Entries provided:
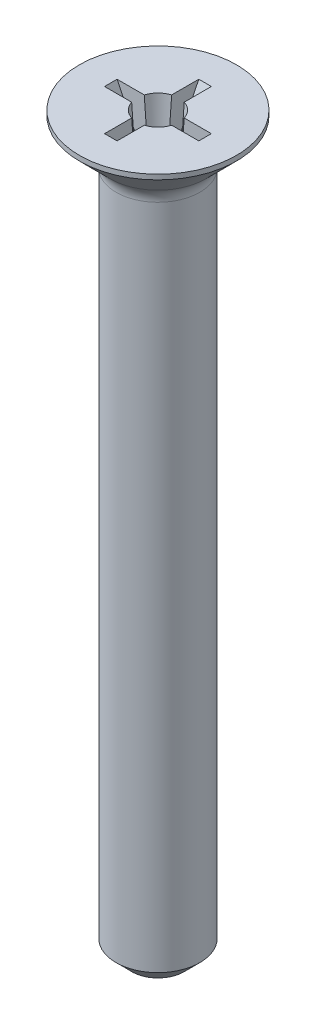
ISO-10303-21;
HEADER;
FILE_DESCRIPTION(('STEP AP214'),'2;1');
FILE_NAME('part.step','',(''),(''),'','','');
FILE_SCHEMA(('AUTOMOTIVE_DESIGN { 1 0 10303 214 1 1 1 1 }'));
ENDSEC;
DATA;
#1=APPLICATION_CONTEXT('core data for automotive mechanical design processes');
#2=APPLICATION_PROTOCOL_DEFINITION('international standard','automotive_design',2000,#1);
#3=PRODUCT_CONTEXT('',#1,'mechanical');
#4=PRODUCT('Part','Part','',(#3));
#5=PRODUCT_RELATED_PRODUCT_CATEGORY('part','',(#4));
#6=PRODUCT_DEFINITION_FORMATION('','',#4);
#7=PRODUCT_DEFINITION_CONTEXT('part definition',#1,'design');
#8=PRODUCT_DEFINITION('design','',#6,#7);
#9=PRODUCT_DEFINITION_SHAPE('','',#8);
#10=(LENGTH_UNIT() NAMED_UNIT(*) SI_UNIT(.MILLI.,.METRE.));
#11=(NAMED_UNIT(*) PLANE_ANGLE_UNIT() SI_UNIT($,.RADIAN.));
#12=(NAMED_UNIT(*) SI_UNIT($,.STERADIAN.) SOLID_ANGLE_UNIT());
#13=UNCERTAINTY_MEASURE_WITH_UNIT(LENGTH_MEASURE(1.E-05),#10,'distance_accuracy_value','');
#14=(GEOMETRIC_REPRESENTATION_CONTEXT(3) GLOBAL_UNCERTAINTY_ASSIGNED_CONTEXT((#13)) GLOBAL_UNIT_ASSIGNED_CONTEXT((#10,
#11,#12)) REPRESENTATION_CONTEXT('',''));
#15=CARTESIAN_POINT('',(0.,0.,0.));
#16=DIRECTION('',(0.,0.,1.));
#17=DIRECTION('',(1.,0.,0.));
#18=AXIS2_PLACEMENT_3D('',#15,#16,#17);
#19=CARTESIAN_POINT('',(0.,12.86,0.));
#20=DIRECTION('',(0.,1.,0.));
#21=DIRECTION('',(-1.,0.,0.));
#22=AXIS2_PLACEMENT_3D('',#19,#20,#21);
#23=CONICAL_SURFACE('',#22,0.320283434384406,0.0698131700797683);
#24=CARTESIAN_POINT('',(0.,14.,0.));
#25=DIRECTION('',(0.,1.,0.));
#26=DIRECTION('',(-1.,0.,0.));
#27=AXIS2_PLACEMENT_3D('',#24,#25,#26);
#28=CIRCLE('',#27,0.400000000000002);
#29=CARTESIAN_POINT('',(-0.381575680566779,14.,0.119999999999995));
#30=VERTEX_POINT('',#29);
#31=CARTESIAN_POINT('',(-0.12,14.,0.381575680566779));
#32=VERTEX_POINT('',#31);
#33=EDGE_CURVE('E260',#30,#32,#28,.T.);
#34=ORIENTED_EDGE('',*,*,#33,.T.);
#35=CARTESIAN_POINT('',(-0.12,15.1740824472663,0.466926394772055));
#36=CARTESIAN_POINT('',(-0.12,15.0242513219861,0.456108263948868));
#37=CARTESIAN_POINT('',(-0.12,14.8744218008497,0.445267913580182));
#38=CARTESIAN_POINT('',(-0.12,14.5747671449711,0.423529349100844));
#39=CARTESIAN_POINT('',(-0.12,14.4249420102236,0.41263113506235));
#40=CARTESIAN_POINT('',(-0.12,14.0593095650914,0.385947711733453));
#41=CARTESIAN_POINT('',(-0.12,13.8435050444475,0.370124175521628));
#42=CARTESIAN_POINT('',(-0.12,13.4119123652692,0.338257670637969));
#43=CARTESIAN_POINT('',(-0.12,13.1961242067238,0.322214702114726));
#44=CARTESIAN_POINT('',(-0.12,12.7645708959023,0.28980818309494));
#45=CARTESIAN_POINT('',(-0.12,12.5488057437202,0.273444631335357));
#46=CARTESIAN_POINT('',(-0.12,12.1173213669273,0.240116350239761));
#47=CARTESIAN_POINT('',(-0.12,11.9016021424536,0.223151619133535));
#48=CARTESIAN_POINT('',(-0.12,11.6859175527337,0.205746016838204));
#49=B_SPLINE_CURVE_WITH_KNOTS('',3,(#35,#36,#37,#38,#39,#40,#41,#42,#43,#44,#45,#46,#47,#48),
.UNSPECIFIED.,.F.,.F.,(4,2,2,2,2,2,4),(0.,0.450663487412317,0.901326412971773,1.55047789567899,
2.19962893883047,2.84878254003412,3.4979380528724),.UNSPECIFIED.);
#50=CARTESIAN_POINT('',(-0.12,12.86,0.296953663626282));
#51=VERTEX_POINT('',#50);
#52=EDGE_CURVE('E63',#32,#51,#49,.T.);
#53=ORIENTED_EDGE('',*,*,#52,.T.);
#54=CARTESIAN_POINT('',(0.,12.86,0.));
#55=DIRECTION('',(0.,1.,0.));
#56=DIRECTION('',(-1.,0.,0.));
#57=AXIS2_PLACEMENT_3D('',#54,#55,#56);
#58=CIRCLE('',#57,0.320283434384406);
#59=CARTESIAN_POINT('',(-0.29695366362628,12.86,0.119999999999995));
#60=VERTEX_POINT('',#59);
#61=EDGE_CURVE('E254',#60,#51,#58,.T.);
#62=ORIENTED_EDGE('',*,*,#61,.F.);
#63=CARTESIAN_POINT('',(-0.187820933769123,11.4671047713157,0.119999999999995));
#64=CARTESIAN_POINT('',(-0.193563556305856,11.5363168863722,0.119999999999995));
#65=CARTESIAN_POINT('',(-0.199232304699694,11.6055350727105,0.119999999999995));
#66=CARTESIAN_POINT('',(-0.210451948347549,11.7439808347204,0.119999999999995));
#67=CARTESIAN_POINT('',(-0.216002843889121,11.8132084103687,0.119999999999995));
#68=CARTESIAN_POINT('',(-0.243537554748596,12.1593644626035,0.119999999999995));
#69=CARTESIAN_POINT('',(-0.26486188936761,12.4363452438551,0.119999999999995));
#70=CARTESIAN_POINT('',(-0.30686468066746,12.9903567448575,0.119999999999995));
#71=CARTESIAN_POINT('',(-0.327543133428215,13.2673874649011,0.119999999999995));
#72=CARTESIAN_POINT('',(-0.370824552171335,13.8524858314913,0.119999999999995));
#73=CARTESIAN_POINT('',(-0.393383862392655,14.1605567086201,0.119999999999995));
#74=CARTESIAN_POINT('',(-0.438217174694349,14.776715510338,0.119999999999995));
#75=CARTESIAN_POINT('',(-0.460491180215733,15.0848034346764,0.119999999999995));
#76=CARTESIAN_POINT('',(-0.482708482373811,15.3928952286843,0.119999999999995));
#77=B_SPLINE_CURVE_WITH_KNOTS('',3,(#63,#64,#65,#66,#67,#68,#69,#70,#71,#72,#73,#74,#75,#76),
.UNSPECIFIED.,.F.,.F.,(4,2,2,2,2,2,4),(0.,0.208349707159258,0.416698905896739,1.25009792546417,
2.08350200223777,3.01018904395484,3.93686489851926),.UNSPECIFIED.);
#78=EDGE_CURVE('E301',#60,#30,#77,.T.);
#79=ORIENTED_EDGE('',*,*,#78,.T.);
#80=EDGE_LOOP('',(#34,#53,#62,#79));
#81=FACE_BOUND('',#80,.T.);
#82=ADVANCED_FACE('F42',(#81),#23,.F.);
#83=CARTESIAN_POINT('',(-0.12,12.86,-0.296953663626282));
#84=VERTEX_POINT('',#83);
#85=CARTESIAN_POINT('',(-0.29695366362628,12.86,-0.119999999999995));
#86=VERTEX_POINT('',#85);
#87=EDGE_CURVE('E264',#84,#86,#58,.T.);
#88=ORIENTED_EDGE('',*,*,#87,.F.);
#89=CARTESIAN_POINT('',(-0.12,11.6859175527337,-0.205746016838204));
#90=CARTESIAN_POINT('',(-0.12,11.7598931791331,-0.211733974991752));
#91=CARTESIAN_POINT('',(-0.12,11.8338739796323,-0.217657512604216));
#92=CARTESIAN_POINT('',(-0.12,11.9818436884213,-0.229401021808973));
#93=CARTESIAN_POINT('',(-0.12,12.055832596698,-0.235220993564825));
#94=CARTESIAN_POINT('',(-0.12,12.4257930473003,-0.264125223130743));
#95=CARTESIAN_POINT('',(-0.12,12.7218103478899,-0.286622436641393));
#96=CARTESIAN_POINT('',(-0.12,13.313889454487,-0.331030713125619));
#97=CARTESIAN_POINT('',(-0.12,13.609951260652,-0.352941773974435));
#98=CARTESIAN_POINT('',(-0.12,14.1173585648962,-0.39019870926174));
#99=CARTESIAN_POINT('',(-0.12,14.3286978823909,-0.405628694205982));
#100=CARTESIAN_POINT('',(-0.12,14.7513846677972,-0.436361242699685));
#101=CARTESIAN_POINT('',(-0.12,14.9627321356601,-0.451663806919752));
#102=CARTESIAN_POINT('',(-0.12,15.1740824472663,-0.466926394772055));
#103=B_SPLINE_CURVE_WITH_KNOTS('',3,(#89,#90,#91,#92,#93,#94,#95,#96,#97,#98,#99,#100,#101,
#102),.UNSPECIFIED.,.F.,.F.,(4,2,2,2,2,2,4),(0.,0.222652649737815,0.445304947812353,
1.33591611572056,2.22653051159222,2.86223598658223,3.49793811378913),.UNSPECIFIED.);
#104=CARTESIAN_POINT('',(-0.12,14.,-0.381575680566779));
#105=VERTEX_POINT('',#104);
#106=EDGE_CURVE('E56',#84,#105,#103,.T.);
#107=ORIENTED_EDGE('',*,*,#106,.T.);
#108=CARTESIAN_POINT('',(-0.381575680566779,14.,-0.119999999999995));
#109=VERTEX_POINT('',#108);
#110=EDGE_CURVE('E271',#105,#109,#28,.T.);
#111=ORIENTED_EDGE('',*,*,#110,.T.);
#112=CARTESIAN_POINT('',(-0.187820933769123,11.4671047713157,-0.119999999999995));
#113=CARTESIAN_POINT('',(-0.193563556305856,11.5363168863722,-0.119999999999995));
#114=CARTESIAN_POINT('',(-0.199232304699694,11.6055350727105,-0.119999999999995));
#115=CARTESIAN_POINT('',(-0.210451948347549,11.7439808347204,-0.119999999999995));
#116=CARTESIAN_POINT('',(-0.216002843889121,11.8132084103687,-0.119999999999995));
#117=CARTESIAN_POINT('',(-0.243537554748596,12.1593644626035,-0.119999999999995));
#118=CARTESIAN_POINT('',(-0.26486188936761,12.4363452438551,-0.119999999999995));
#119=CARTESIAN_POINT('',(-0.30686468066746,12.9903567448575,-0.119999999999995));
#120=CARTESIAN_POINT('',(-0.327543133428215,13.2673874649011,-0.119999999999995));
#121=CARTESIAN_POINT('',(-0.370824552171335,13.8524858314913,-0.119999999999995));
#122=CARTESIAN_POINT('',(-0.393383862392656,14.1605567086201,-0.119999999999995));
#123=CARTESIAN_POINT('',(-0.438217174694352,14.776715510338,-0.119999999999995));
#124=CARTESIAN_POINT('',(-0.460491180215736,15.0848034346765,-0.119999999999995));
#125=CARTESIAN_POINT('',(-0.482708482373815,15.3928952286844,-0.119999999999995));
#126=B_SPLINE_CURVE_WITH_KNOTS('',3,(#112,#113,#114,#115,#116,#117,#118,#119,#120,#121,#122,
#123,#124,#125),.UNSPECIFIED.,.F.,.F.,(4,2,2,2,2,2,4),(0.,0.208349707159258,0.416698905896739,
1.25009792546417,2.08350200223777,3.01018904395486,3.93686489851931),.UNSPECIFIED.);
#127=EDGE_CURVE('E394',#86,#109,#126,.T.);
#128=ORIENTED_EDGE('',*,*,#127,.F.);
#129=EDGE_LOOP('',(#88,#107,#111,#128));
#130=FACE_BOUND('',#129,.T.);
#131=ADVANCED_FACE('F357',(#130),#23,.F.);
#132=CARTESIAN_POINT('',(0.12,15.1740824472663,0.466926394772055));
#133=CARTESIAN_POINT('',(0.12,15.0242513219861,0.456108263948871));
#134=CARTESIAN_POINT('',(0.12,14.8744218008497,0.445267913580184));
#135=CARTESIAN_POINT('',(0.12,14.5747671449711,0.423529349100846));
#136=CARTESIAN_POINT('',(0.12,14.4249420102236,0.41263113506235));
#137=CARTESIAN_POINT('',(0.12,14.0593095650914,0.385947711733453));
#138=CARTESIAN_POINT('',(0.12,13.8435050444475,0.370124175521629));
#139=CARTESIAN_POINT('',(0.12,13.4119123652692,0.338257670637971));
#140=CARTESIAN_POINT('',(0.12,13.1961242067238,0.322214702114727));
#141=CARTESIAN_POINT('',(0.12,12.7645708959023,0.28980818309494));
#142=CARTESIAN_POINT('',(0.12,12.5488057437202,0.273444631335356));
#143=CARTESIAN_POINT('',(0.12,12.1173213669273,0.24011635023976));
#144=CARTESIAN_POINT('',(0.12,11.9016021424536,0.223151619133534));
#145=CARTESIAN_POINT('',(0.12,11.6859175527337,0.205746016838204));
#146=B_SPLINE_CURVE_WITH_KNOTS('',3,(#132,#133,#134,#135,#136,#137,#138,#139,#140,#141,#142,
#143,#144,#145),.UNSPECIFIED.,.F.,.F.,(4,2,2,2,2,2,4),(0.,0.450663487412317,0.901326412971773,
1.55047789567899,2.19962893883047,2.84878254003412,3.4979380528724),.UNSPECIFIED.);
#147=CARTESIAN_POINT('',(0.12,14.,0.381575680566779));
#148=VERTEX_POINT('',#147);
#149=CARTESIAN_POINT('',(0.12,12.86,0.296953663626282));
#150=VERTEX_POINT('',#149);
#151=EDGE_CURVE('E224',#148,#150,#146,.T.);
#152=ORIENTED_EDGE('',*,*,#151,.F.);
#153=CARTESIAN_POINT('',(0.381575680566782,14.,0.119999999999995));
#154=VERTEX_POINT('',#153);
#155=EDGE_CURVE('E265',#148,#154,#28,.T.);
#156=ORIENTED_EDGE('',*,*,#155,.T.);
#157=CARTESIAN_POINT('',(0.482708482373816,15.3928952286843,0.119999999999995));
#158=CARTESIAN_POINT('',(0.471569124413629,15.2383071523705,0.119999999999995));
#159=CARTESIAN_POINT('',(0.460408440154064,15.0837206120034,0.119999999999995));
#160=CARTESIAN_POINT('',(0.438031378451938,14.7745517948923,0.119999999999995));
#161=CARTESIAN_POINT('',(0.426815001092503,14.6199695181423,0.119999999999995));
#162=CARTESIAN_POINT('',(0.397374651708443,14.2154739650048,0.119999999999995));
#163=CARTESIAN_POINT('',(0.37909518965734,13.9655647184375,0.119999999999995));
#164=CARTESIAN_POINT('',(0.342262541830037,13.4657666524732,0.119999999999995));
#165=CARTESIAN_POINT('',(0.323709356352955,13.2158778330542,0.119999999999995));
#166=CARTESIAN_POINT('',(0.286158435803668,12.7161319689566,0.119999999999995));
#167=CARTESIAN_POINT('',(0.267160698237998,12.4662749244641,0.119999999999995));
#168=CARTESIAN_POINT('',(0.238044995888112,12.0915366773594,0.119999999999995));
#169=CARTESIAN_POINT('',(0.228236556284122,11.9666315332682,0.119999999999995));
#170=CARTESIAN_POINT('',(0.208298411255087,11.716846612886,0.119999999999995));
#171=CARTESIAN_POINT('',(0.198168704997794,11.5919668366615,0.119999999999995));
#172=CARTESIAN_POINT('',(0.187820933769118,11.4671047713157,0.119999999999995));
#173=B_SPLINE_CURVE_WITH_KNOTS('',3,(#157,#158,#159,#160,#161,#162,#163,#164,#165,#166,#167,
#168,#169,#170,#171,#172),.UNSPECIFIED.,.F.,.F.,(4,2,2,2,2,2,2,4),(0.,0.464966692939739,
0.92993269209604,1.6816632061309,2.43339289875489,3.18512680879476,3.56099545931275,
3.93686508360733),.UNSPECIFIED.);
#174=CARTESIAN_POINT('',(0.29695366362628,12.86,0.119999999999995));
#175=VERTEX_POINT('',#174);
#176=EDGE_CURVE('E292',#154,#175,#173,.T.);
#177=ORIENTED_EDGE('',*,*,#176,.T.);
#178=EDGE_CURVE('E258',#150,#175,#58,.T.);
#179=ORIENTED_EDGE('',*,*,#178,.F.);
#180=EDGE_LOOP('',(#152,#156,#177,#179));
#181=FACE_BOUND('',#180,.T.);
#182=ADVANCED_FACE('F351',(#181),#23,.F.);
#183=CARTESIAN_POINT('',(-0.400000000000001,14.,0.));
#184=DIRECTION('',(0.,1.,0.));
#185=DIRECTION('',(-1.,0.,0.));
#186=AXIS2_PLACEMENT_3D('',#183,#184,#185);
#187=PLANE('',#186);
#188=DIRECTION('',(0.,0.,1.));
#189=VECTOR('',#188,1.);
#190=CARTESIAN_POINT('',(0.12,14.,0.899999999999998));
#191=LINE('',#190,#189);
#192=CARTESIAN_POINT('',(0.12,14.,0.899999999999998));
#193=VERTEX_POINT('',#192);
#194=EDGE_CURVE('E200',#148,#193,#191,.T.);
#195=ORIENTED_EDGE('',*,*,#194,.T.);
#196=DIRECTION('',(-1.,0.,0.));
#197=VECTOR('',#196,1.);
#198=CARTESIAN_POINT('',(0.12,14.,0.899999999999998));
#199=LINE('',#198,#197);
#200=CARTESIAN_POINT('',(-0.12,14.,0.899999999999998));
#201=VERTEX_POINT('',#200);
#202=EDGE_CURVE('E211',#193,#201,#199,.T.);
#203=ORIENTED_EDGE('',*,*,#202,.T.);
#204=DIRECTION('',(0.,0.,1.));
#205=VECTOR('',#204,1.);
#206=CARTESIAN_POINT('',(-0.12,14.,0.899999999999998));
#207=LINE('',#206,#205);
#208=EDGE_CURVE('E181',#32,#201,#207,.T.);
#209=ORIENTED_EDGE('',*,*,#208,.F.);
#210=ORIENTED_EDGE('',*,*,#33,.F.);
#211=DIRECTION('',(-1.,0.,0.));
#212=VECTOR('',#211,1.);
#213=CARTESIAN_POINT('',(-0.400000000000001,14.,0.119999999999995));
#214=LINE('',#213,#212);
#215=CARTESIAN_POINT('',(-0.900000000000001,14.,0.119999999999995));
#216=VERTEX_POINT('',#215);
#217=EDGE_CURVE('E247',#30,#216,#214,.T.);
#218=ORIENTED_EDGE('',*,*,#217,.T.);
#219=DIRECTION('',(0.,0.,-1.));
#220=VECTOR('',#219,1.);
#221=CARTESIAN_POINT('',(-0.900000000000001,14.,0.119999999999995));
#222=LINE('',#221,#220);
#223=CARTESIAN_POINT('',(-0.900000000000001,14.,-0.119999999999995));
#224=VERTEX_POINT('',#223);
#225=EDGE_CURVE('E404',#216,#224,#222,.T.);
#226=ORIENTED_EDGE('',*,*,#225,.T.);
#227=DIRECTION('',(-1.,0.,0.));
#228=VECTOR('',#227,1.);
#229=CARTESIAN_POINT('',(-0.400000000000001,14.,-0.119999999999995));
#230=LINE('',#229,#228);
#231=EDGE_CURVE('E251',#109,#224,#230,.T.);
#232=ORIENTED_EDGE('',*,*,#231,.F.);
#233=ORIENTED_EDGE('',*,*,#110,.F.);
#234=CARTESIAN_POINT('',(-0.12,14.,-0.899999999999998));
#235=VERTEX_POINT('',#234);
#236=EDGE_CURVE('E71',#235,#105,#207,.T.);
#237=ORIENTED_EDGE('',*,*,#236,.F.);
#238=DIRECTION('',(-1.,0.,0.));
#239=VECTOR('',#238,1.);
#240=CARTESIAN_POINT('',(0.12,14.,-0.899999999999998));
#241=LINE('',#240,#239);
#242=CARTESIAN_POINT('',(0.12,14.,-0.899999999999998));
#243=VERTEX_POINT('',#242);
#244=EDGE_CURVE('E176',#243,#235,#241,.T.);
#245=ORIENTED_EDGE('',*,*,#244,.F.);
#246=CARTESIAN_POINT('',(0.12,14.,-0.381575680566779));
#247=VERTEX_POINT('',#246);
#248=EDGE_CURVE('E201',#243,#247,#191,.T.);
#249=ORIENTED_EDGE('',*,*,#248,.T.);
#250=CARTESIAN_POINT('',(0.381575680566782,14.,-0.119999999999995));
#251=VERTEX_POINT('',#250);
#252=EDGE_CURVE('E266',#251,#247,#28,.T.);
#253=ORIENTED_EDGE('',*,*,#252,.F.);
#254=DIRECTION('',(-1.,0.,0.));
#255=VECTOR('',#254,1.);
#256=CARTESIAN_POINT('',(-0.900000000000001,14.,-0.119999999999995));
#257=LINE('',#256,#255);
#258=CARTESIAN_POINT('',(0.899999999999998,14.,-0.119999999999995));
#259=VERTEX_POINT('',#258);
#260=EDGE_CURVE('E448',#259,#251,#257,.T.);
#261=ORIENTED_EDGE('',*,*,#260,.F.);
#262=DIRECTION('',(0.,0.,-1.));
#263=VECTOR('',#262,1.);
#264=CARTESIAN_POINT('',(0.899999999999998,14.,0.119999999999995));
#265=LINE('',#264,#263);
#266=CARTESIAN_POINT('',(0.899999999999998,14.,0.119999999999995));
#267=VERTEX_POINT('',#266);
#268=EDGE_CURVE('E426',#267,#259,#265,.T.);
#269=ORIENTED_EDGE('',*,*,#268,.F.);
#270=DIRECTION('',(-1.,0.,0.));
#271=VECTOR('',#270,1.);
#272=CARTESIAN_POINT('',(-0.900000000000001,14.,0.119999999999995));
#273=LINE('',#272,#271);
#274=EDGE_CURVE('E441',#267,#154,#273,.T.);
#275=ORIENTED_EDGE('',*,*,#274,.T.);
#276=ORIENTED_EDGE('',*,*,#155,.F.);
#277=EDGE_LOOP('',(#195,#203,#209,#210,#218,#226,#232,#233,#237,#245,#249,#253,#261,#269,#275,#276));
#278=FACE_BOUND('',#277,.T.);
#279=CARTESIAN_POINT('',(0.,14.,0.));
#280=DIRECTION('',(0.,1.,0.));
#281=DIRECTION('',(-1.,0.,0.));
#282=AXIS2_PLACEMENT_3D('',#279,#280,#281);
#283=CIRCLE('',#282,1.5);
#284=CARTESIAN_POINT('',(-1.5,14.,0.));
#285=VERTEX_POINT('',#284);
#286=EDGE_CURVE('E267',#285,#285,#283,.T.);
#287=ORIENTED_EDGE('',*,*,#286,.T.);
#288=EDGE_LOOP('',(#287));
#289=FACE_BOUND('',#288,.T.);
#290=ADVANCED_FACE('F349',(#278,#289),#187,.T.);
#291=CARTESIAN_POINT('',(-0.320283434384406,12.86,0.));
#292=DIRECTION('',(0.,1.,0.));
#293=DIRECTION('',(-1.,0.,0.));
#294=AXIS2_PLACEMENT_3D('',#291,#292,#293);
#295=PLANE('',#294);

Task prompt: Ending at the line with "#12=(NAMED_UNIT(*) SI_UNIT($,.STERADIAN.) SOLID_ANGLE_UNIT());", reproduce exactly the lines that begin at the top of the data, and include no pictures.

Solution for this exercise:
ISO-10303-21;
HEADER;
FILE_DESCRIPTION(('STEP AP214'),'2;1');
FILE_NAME('part.step','',(''),(''),'','','');
FILE_SCHEMA(('AUTOMOTIVE_DESIGN { 1 0 10303 214 1 1 1 1 }'));
ENDSEC;
DATA;
#1=APPLICATION_CONTEXT('core data for automotive mechanical design processes');
#2=APPLICATION_PROTOCOL_DEFINITION('international standard','automotive_design',2000,#1);
#3=PRODUCT_CONTEXT('',#1,'mechanical');
#4=PRODUCT('Part','Part','',(#3));
#5=PRODUCT_RELATED_PRODUCT_CATEGORY('part','',(#4));
#6=PRODUCT_DEFINITION_FORMATION('','',#4);
#7=PRODUCT_DEFINITION_CONTEXT('part definition',#1,'design');
#8=PRODUCT_DEFINITION('design','',#6,#7);
#9=PRODUCT_DEFINITION_SHAPE('','',#8);
#10=(LENGTH_UNIT() NAMED_UNIT(*) SI_UNIT(.MILLI.,.METRE.));
#11=(NAMED_UNIT(*) PLANE_ANGLE_UNIT() SI_UNIT($,.RADIAN.));
#12=(NAMED_UNIT(*) SI_UNIT($,.STERADIAN.) SOLID_ANGLE_UNIT());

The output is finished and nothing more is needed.